Description of the task - Copy out exactly the lines from the line containing "state start" to the end of the listing.

Dataset extract -
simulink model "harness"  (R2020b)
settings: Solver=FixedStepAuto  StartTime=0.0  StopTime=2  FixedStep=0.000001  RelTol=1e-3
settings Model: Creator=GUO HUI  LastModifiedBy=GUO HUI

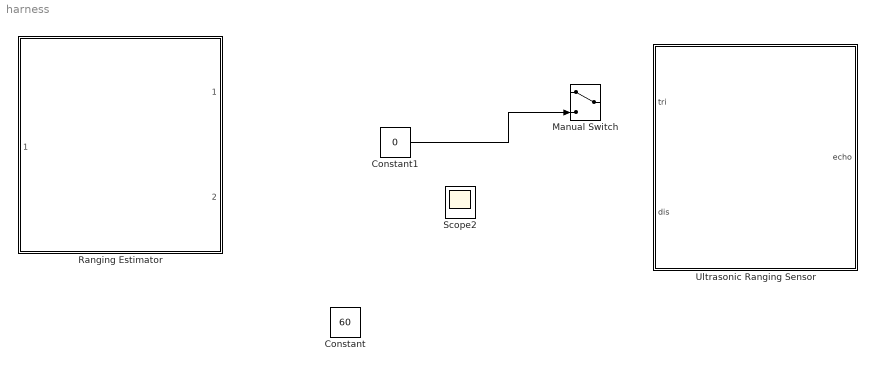
== system harness ==
  Constant : Constant  Value=60
  Constant1 : Constant  Value=0
  Manual Switch : ManualSwitch
  Ranging Estimator : Subsystem  TreatAsAtomicUnit=on  ReferencedSubsystem=Ranging_Estimator
  Scope2 : Scope
  Ultrasonic Ranging Sensor : Subsystem
  wires:
  Constant1/1 -> Manual Switch/2

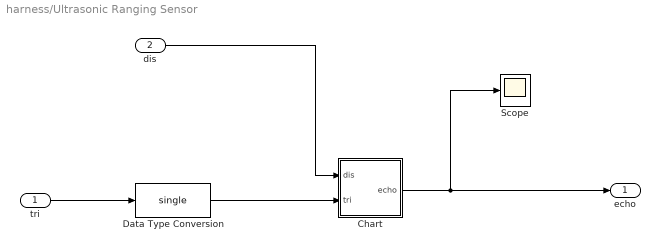
== system harness/Ultrasonic Ranging Sensor ==
  tri : Inport
  dis : Inport  Port=2
  Chart : Stateflow chart  TreatAsAtomicUnit=on
  Data Type Conversion : DataTypeConversion  OutDataTypeStr=single  LockScale=on
  Scope : Scope
  echo : Outport
  wires:
  tri/1 -> Data Type Conversion/1
  dis/1 -> Chart/1(dis)
  Chart/1(echo) -> Scope/1, echo/1
  Data Type Conversion/1 -> Chart/2(tri)

== stateflow chart harness/Ultrasonic Ranging Sensor/Chart ==
  state start
    en:echo=0
  state echo_up
    en:echo=1
    echodu=dis
  state echo_down
    en:echo=0
  echo_down -> start : [tri==0]
  (default) -> start
  echo_up -> echo_down : after(echodu*58,usec)
  start -> echo_up : [tri==1]
  data: dis input; tri input; echo output; echodu local

Task response -
  state start
    en:echo=0
  state echo_up
    en:echo=1
    echodu=dis
  state echo_down
    en:echo=0
  echo_down -> start : [tri==0]
  (default) -> start
  echo_up -> echo_down : after(echodu*58,usec)
  start -> echo_up : [tri==1]
  data: dis input; tri input; echo output; echodu local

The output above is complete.